Again, the chemical energy of the covalent bond structure of glucose is captured in small steps involving many metabolic intermediates rendering the process partially reversible, also the overall process is not. Humans can regenerate glucose from the metabolic intermediate pyruvate but not CO2. Humans as we all know are not able to synthesize glucose from 'scratch', i.e., carbon dioxide, a process known as photosynthesis in plants and some microorganisms.

Respiration and photosynthesis are catalytically possible only because of the coordinated activity of hundreds of proteins that belong to deferent sets of pathways in different compartments of cells and/or organisms. Understanding the structural and functional complexity that provides reductive synthesis of glucose as well as oxidative degradation is the same as understanding the mechanism of cellular metabolism.

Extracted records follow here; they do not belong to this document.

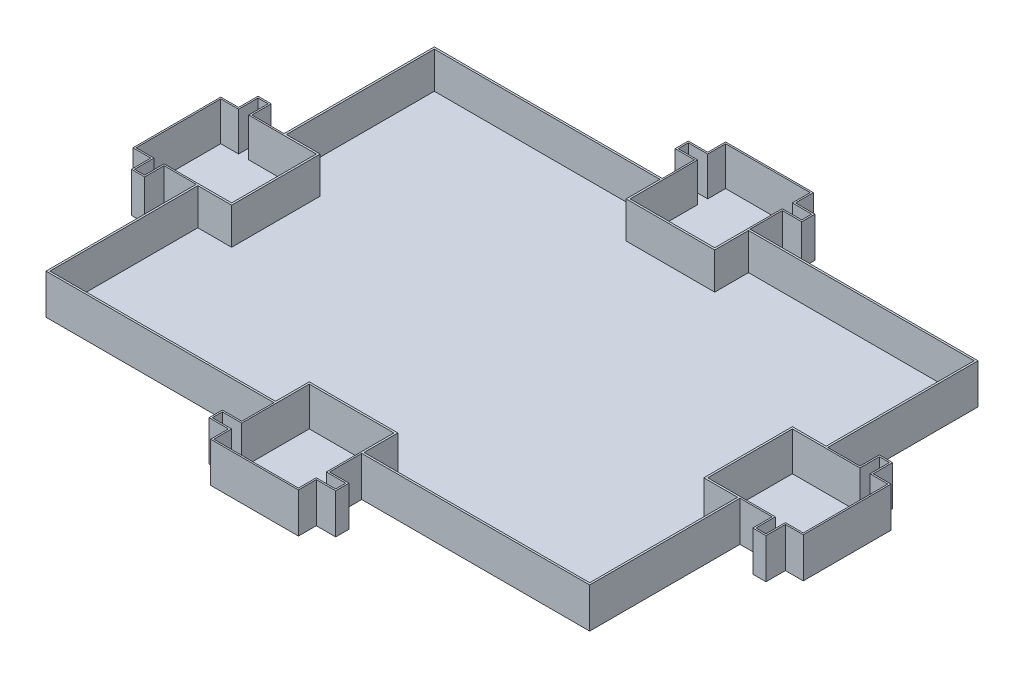
SolidWorks part; units mm, degrees
ref_plane "Alzado" through (0, 0, 0) normal (0, 0, 1) x (1, 0, 0)
ref_plane "Planta" through (0, 0, 0) normal (0, 1, 0) x (1, 0, 0)
ref_plane "Vista lateral" through (0, 0, 0) normal (1, 0, 0) x (0, 0, -1)
sketch "Croquis1" plane through (0, 0, 0) normal (0, 1, 0) x (1, 0, 0)
  line L0 (-10.9, -41.3) -> (10.9, -41.3)
  line L1 (70, -50) -> (-70, -50)
  line L2 (70, -50) -> (70, -10.9)
  line L3 (70, 50) -> (10.9, 50)
  line L4 (-70, -50) -> (-70, 50)
  line L5 (70, -50) -> (-70, 50) construction
  line L6 (70, 50) -> (-70, -50) construction
  line L11 (70, 10.9) -> (70, 50)
  line L12 (-78.3, 16.3) -> (-81.7, 16.3)
  line L13 (-10.9, -41.3) -> (-10.9, -58.7)
  line L15 (10.9, -41.3) -> (10.9, -58.7)
  line L16 (-81.7, 11.3) -> (-81.7, 16.3)
  line L17 (-81.7, 11.3) -> (-86.3, 11.3)
  line L19 (-10.9, 58.7) -> (-10.9, 41.3)
  line L20 (-10.9, 41.3) -> (10.9, 41.3)
  line L21 (10.9, 58.7) -> (10.9, 41.3)
  line L22 (-11.3, 58.3) -> (-11.3, 40.9)
  line L23 (-11.3, 40.9) -> (11.3, 40.9)
  line L24 (61.3, -10.9) -> (61.3, 10.9)
  line L25 (61.3, -10.9) -> (78.7, -10.9)
  line L27 (61.3, 10.9) -> (78.7, 10.9)
  line L28 (-86.3, 11.3) -> (-86.3, -11.3)
  line L29 (-81.7, -11.3) -> (-86.3, -11.3)
  line L32 (-10.9, -61.3) -> (-10.9, -65.9)
  line L33 (-10.9, -65.9) -> (10.9, -65.9)
  line L34 (10.9, -61.3) -> (10.9, -65.9)
  line L35 (-10.9, -58.7) -> (-15.9, -58.7)
  line L37 (-10.9, -61.3) -> (-15.9, -61.3)
  line L38 (-15.9, -58.7) -> (-15.9, -61.3)
  line L39 (10.9, -58.7) -> (15.9, -58.7)
  line L41 (10.9, -61.3) -> (15.9, -61.3)
  line L42 (15.9, -58.7) -> (15.9, -61.3)
  line L43 (0, 30.1645) -> (0, -22.5946)
  line L45 (-10.9, 61.3) -> (-10.9, 65.9)
  line L46 (-10.9, 65.9) -> (10.9, 65.9)
  line L47 (10.9, 61.3) -> (10.9, 65.9)
  line L48 (10.9, 58.7) -> (15.9, 58.7)
  line L50 (10.9, 61.3) -> (15.9, 61.3)
  line L51 (15.9, 58.7) -> (15.9, 61.3)
  line L52 (-10.9, 58.7) -> (-15.9, 58.7)
  line L54 (-10.9, 61.3) -> (-15.9, 61.3)
  line L55 (-15.9, 58.7) -> (-15.9, 61.3)
  line L56 (81.3, 10.9) -> (85.9, 10.9)
  line L58 (81.3, -10.9) -> (85.9, -10.9)
  line L59 (85.9, 10.9) -> (85.9, -10.9)
  line L61 (78.7, 10.9) -> (78.7, 15.9)
  line L62 (78.7, 15.9) -> (81.3, 15.9)
  line L63 (81.3, 10.9) -> (81.3, 15.9)
  line L65 (78.7, -10.9) -> (78.7, -15.9)
  line L66 (78.7, -15.9) -> (81.3, -15.9)
  line L67 (81.3, -10.9) -> (81.3, -15.9)
  line L68 (-78.7, 15.9) -> (-81.3, 15.9)
  line L69 (-78.7, 10.9) -> (-78.7, 15.9)
  line L70 (-81.3, 10.9) -> (-81.3, 15.9)
  line L71 (-81.7, -11.3) -> (-81.7, -16.3)
  line L72 (-81.3, 10.9) -> (-85.9, 10.9)
  line L73 (-85.9, 10.9) -> (-85.9, -10.9)
  line L74 (-78.7, -10.9) -> (-78.7, -15.9)
  line L75 (-81.3, -10.9) -> (-81.3, -15.9)
  line L76 (-78.7, -15.9) -> (-81.3, -15.9)
  line L77 (-81.3, -10.9) -> (-85.9, -10.9)
  line L78 (-61.3, -10.9) -> (-78.7, -10.9)
  line L79 (-61.3, -10.9) -> (-61.3, 10.9)
  line L80 (-61.3, 10.9) -> (-78.7, 10.9)
  line L81 (-78.3, -16.3) -> (-81.7, -16.3)
  line L82 (-78.3, -11.3) -> (-78.3, -16.3)
  line L83 (-60.9, -11.3) -> (-78.3, -11.3)
  line L84 (-60.9, -11.3) -> (-60.9, 11.3)
  line L85 (-60.9, 11.3) -> (-78.3, 11.3)
  line L86 (-78.3, 11.3) -> (-78.3, 16.3)
  line L87 (-10.9, 50) -> (-70, 50)
  line L88 (11.3, 58.3) -> (11.3, 40.9)
  line L89 (11.3, 58.3) -> (16.3, 58.3)
  line L90 (16.3, 58.3) -> (16.3, 61.7)
  line L91 (11.3, 61.7) -> (16.3, 61.7)
  line L92 (11.3, 61.7) -> (11.3, 66.3)
  line L93 (-11.3, 66.3) -> (11.3, 66.3)
  line L94 (-11.3, 61.7) -> (-11.3, 66.3)
  line L95 (-11.3, 61.7) -> (-16.3, 61.7)
  line L96 (-16.3, 58.3) -> (-16.3, 61.7)
  line L97 (-11.3, 58.3) -> (-16.3, 58.3)
  line L98 (81.7, 11.3) -> (86.3, 11.3)
  line L99 (86.3, 11.3) -> (86.3, -11.3)
  line L100 (81.7, -11.3) -> (86.3, -11.3)
  line L101 (81.7, -11.3) -> (81.7, -16.3)
  line L102 (78.3, -16.3) -> (81.7, -16.3)
  line L103 (78.3, -11.3) -> (78.3, -16.3)
  line L104 (60.9, -11.3) -> (78.3, -11.3)
  line L105 (60.9, -11.3) -> (60.9, 11.3)
  line L106 (60.9, 11.3) -> (78.3, 11.3)
  line L107 (78.3, 11.3) -> (78.3, 16.3)
  line L108 (78.3, 16.3) -> (81.7, 16.3)
  line L109 (81.7, 11.3) -> (81.7, 16.3)
  line L110 (-11.3, -40.9) -> (11.3, -40.9)
  line L111 (11.3, -40.9) -> (11.3, -58.3)
  line L112 (11.3, -58.3) -> (16.3, -58.3)
  line L113 (16.3, -58.3) -> (16.3, -61.7)
  line L114 (11.3, -61.7) -> (16.3, -61.7)
  line L115 (11.3, -61.7) -> (11.3, -66.3)
  line L116 (-11.3, -66.3) -> (11.3, -66.3)
  line L117 (-11.3, -61.7) -> (-11.3, -66.3)
  line L118 (-11.3, -61.7) -> (-16.3, -61.7)
  line L119 (-16.3, -58.3) -> (-16.3, -61.7)
  line L120 (-11.3, -58.3) -> (-16.3, -58.3)
  line L121 (-11.3, -40.9) -> (-11.3, -58.3)
  point P0 (0, 0)
  point P13 (0, -50)
  point P18 (0, 50)
  point P23 (70, 0)
  point P31 (0, -50)
  dimension "D1" = 140
  dimension "D2" = 100
  dimension "D3" = 0.4
  dimension "D4" = 0.4
  dimension "D5" = 21.8
  dimension "D6" = 17.4
  dimension "D7" = 21.8
  dimension "D8" = 17.4
  dimension "D9" = 21.8
  dimension "D10" = 17.4
  dimension "D11" = 2.6
  dimension "D12" = 5
  dimension "D13" = 2.6
  dimension "D14" = 5
  dimension "D15" = 21.8
  dimension "D16" = 4.6
  dimension "D17" = 5
  dimension "D18" = 2.6
  dimension "D19" = 4.6
  dimension "D20" = 21.8
  dimension "D21" = 2.6
  dimension "D22" = 21.8
  dimension "D23" = 4.6
  dimension "D24" = 5
  dimension "D25" = 5
  dimension "D26" = 0.4
  dimension "D27" = 0.4
extrude "Saliente-Extruir1" add sketch "Croquis1" against normal blind 10
shell "Vaciado2" thickness 0.5
sketch "Croquis4" plane through (0, -10, 0) normal (0, -1, 0) x (1, 0, 0)
  line L52 (-11.3, 50) -> (-70, 50)
  line L53 (-70, 50) -> (-70, 11.3)
  line L54 (-70, 11.3) -> (-78.3, 11.3)
  line L55 (-78.3, 11.3) -> (-78.3, 16.3)
  line L56 (-78.3, 16.3) -> (-81.7, 16.3)
  line L57 (-81.7, 16.3) -> (-81.7, 11.3)
  line L58 (-81.7, 11.3) -> (-86.3, 11.3)
  line L59 (-86.3, 11.3) -> (-86.3, -11.3)
  line L60 (-86.3, -11.3) -> (-81.7, -11.3)
  line L61 (-81.7, -11.3) -> (-81.7, -16.3)
  line L62 (-81.7, -16.3) -> (-78.3, -16.3)
  line L63 (-78.3, -16.3) -> (-78.3, -11.3)
  line L64 (-78.3, -11.3) -> (-70, -11.3)
  line L65 (-70, -11.3) -> (-70, -50)
  line L66 (-70, -50) -> (-11.3, -50)
  line L67 (-11.3, -50) -> (-11.3, -58.3)
  line L68 (-11.3, -58.3) -> (-16.3, -58.3)
  line L69 (-16.3, -58.3) -> (-16.3, -61.7)
  line L70 (-16.3, -61.7) -> (-11.3, -61.7)
  line L71 (-11.3, -61.7) -> (-11.3, -66.3)
  line L72 (-11.3, -66.3) -> (11.3, -66.3)
  line L73 (11.3, -66.3) -> (11.3, -61.7)
  line L74 (11.3, -61.7) -> (16.3, -61.7)
  line L75 (16.3, -61.7) -> (16.3, -58.3)
  line L76 (16.3, -58.3) -> (11.3, -58.3)
  line L77 (11.3, -58.3) -> (11.3, -50)
  line L78 (11.3, -50) -> (70, -50)
  line L79 (70, -50) -> (70, -11.3)
  line L80 (70, -11.3) -> (78.3, -11.3)
  line L81 (78.3, -11.3) -> (78.3, -16.3)
  line L82 (78.3, -16.3) -> (81.7, -16.3)
  line L83 (81.7, -16.3) -> (81.7, -11.3)
  line L84 (81.7, -11.3) -> (86.3, -11.3)
  line L85 (86.3, -11.3) -> (86.3, 11.3)
  line L86 (86.3, 11.3) -> (81.7, 11.3)
  line L87 (81.7, 11.3) -> (81.7, 16.3)
  line L88 (81.7, 16.3) -> (78.3, 16.3)
  line L89 (78.3, 16.3) -> (78.3, 11.3)
  line L90 (78.3, 11.3) -> (70, 11.3)
  line L91 (70, 11.3) -> (70, 50)
  line L92 (70, 50) -> (11.3, 50)
  line L93 (11.3, 50) -> (11.3, 58.3)
  line L94 (11.3, 58.3) -> (16.3, 58.3)
  line L95 (16.3, 58.3) -> (16.3, 61.7)
  line L96 (16.3, 61.7) -> (11.3, 61.7)
  line L97 (11.3, 61.7) -> (11.3, 66.3)
  line L98 (11.3, 66.3) -> (-11.3, 66.3)
  line L99 (-11.3, 66.3) -> (-11.3, 61.7)
  line L100 (-11.3, 61.7) -> (-16.3, 61.7)
  line L101 (-16.3, 61.7) -> (-16.3, 58.3)
  line L102 (-16.3, 58.3) -> (-11.3, 58.3)
  line L103 (-11.3, 58.3) -> (-11.3, 50)
  line L104 (-11.3, 50) -> (-70, 50)
  line L105 (-70, 50) -> (-70, 11.3)
  line L106 (-70, 11.3) -> (-78.3, 11.3)
  line L107 (-78.3, 11.3) -> (-78.3, 16.3)
  line L108 (-78.3, 16.3) -> (-81.7, 16.3)
  line L109 (-81.7, 16.3) -> (-81.7, 11.3)
  line L110 (-81.7, 11.3) -> (-86.3, 11.3)
  line L111 (-86.3, 11.3) -> (-86.3, -11.3)
  line L112 (-86.3, -11.3) -> (-81.7, -11.3)
  line L113 (-81.7, -11.3) -> (-81.7, -16.3)
  line L114 (-81.7, -16.3) -> (-78.3, -16.3)
  line L115 (-78.3, -16.3) -> (-78.3, -11.3)
  line L116 (-78.3, -11.3) -> (-70, -11.3)
  line L117 (-70, -11.3) -> (-70, -50)
  line L118 (-70, -50) -> (-11.3, -50)
  line L119 (-11.3, -50) -> (-11.3, -58.3)
  line L120 (-11.3, -58.3) -> (-16.3, -58.3)
  line L121 (-16.3, -58.3) -> (-16.3, -61.7)
  line L122 (-16.3, -61.7) -> (-11.3, -61.7)
  line L123 (-11.3, -61.7) -> (-11.3, -66.3)
  line L124 (-11.3, -66.3) -> (11.3, -66.3)
  line L125 (11.3, -66.3) -> (11.3, -61.7)
  line L126 (11.3, -61.7) -> (16.3, -61.7)
  line L127 (16.3, -61.7) -> (16.3, -58.3)
  line L128 (16.3, -58.3) -> (11.3, -58.3)
  line L129 (11.3, -58.3) -> (11.3, -50)
  line L130 (11.3, -50) -> (70, -50)
  line L131 (70, -50) -> (70, -11.3)
  line L132 (70, -11.3) -> (78.3, -11.3)
  line L133 (78.3, -11.3) -> (78.3, -16.3)
  line L134 (78.3, -16.3) -> (81.7, -16.3)
  line L135 (81.7, -16.3) -> (81.7, -11.3)
  line L136 (81.7, -11.3) -> (86.3, -11.3)
  line L137 (86.3, -11.3) -> (86.3, 11.3)
  line L138 (86.3, 11.3) -> (81.7, 11.3)
  line L139 (81.7, 11.3) -> (81.7, 16.3)
  line L140 (81.7, 16.3) -> (78.3, 16.3)
  line L141 (78.3, 16.3) -> (78.3, 11.3)
  line L142 (78.3, 11.3) -> (70, 11.3)
  line L143 (70, 11.3) -> (70, 50)
  line L144 (70, 50) -> (11.3, 50)
  line L145 (11.3, 50) -> (11.3, 58.3)
  line L146 (11.3, 58.3) -> (16.3, 58.3)
  line L147 (16.3, 58.3) -> (16.3, 61.7)
  line L148 (16.3, 61.7) -> (11.3, 61.7)
  line L149 (11.3, 61.7) -> (11.3, 66.3)
  line L150 (11.3, 66.3) -> (-11.3, 66.3)
  line L151 (-11.3, 66.3) -> (-11.3, 61.7)
  line L152 (-11.3, 61.7) -> (-16.3, 61.7)
  line L153 (-16.3, 61.7) -> (-16.3, 58.3)
  line L154 (-16.3, 58.3) -> (-11.3, 58.3)
  line L155 (-11.3, 58.3) -> (-11.3, 50)
  dimension "D1" = 0
extrude "Saliente-Extruir6" add sketch "Croquis4" along normal blind 0.3

Pathway Control Mechanisms

Metabolic pathways can be controlled at three levels. First, the amount of enzymes available through transcription (gene expression), translation, and protein turnover (proteolytic degradation). Second, the catalytic activity of an enzyme is controlled by allosteric modulators, activators and competitive inhibitors (agonists and antagonists, respectively), and post-translational modifications such as phosphorylation, acetylation, and glycosylation under the control of hormones, growth-factors, and neurotransmitters. Third, substrate availability (concentration) is controlled by steady-state equilibrium and compartmentalization. The latter depends on active membrane transport systems (pumps, transporters; chemical energy required) and the passive diffusion via substrate specific membrane proteins (ion channels, facilitators; no chemical energy required; diffusion is controlled by concentration gradients).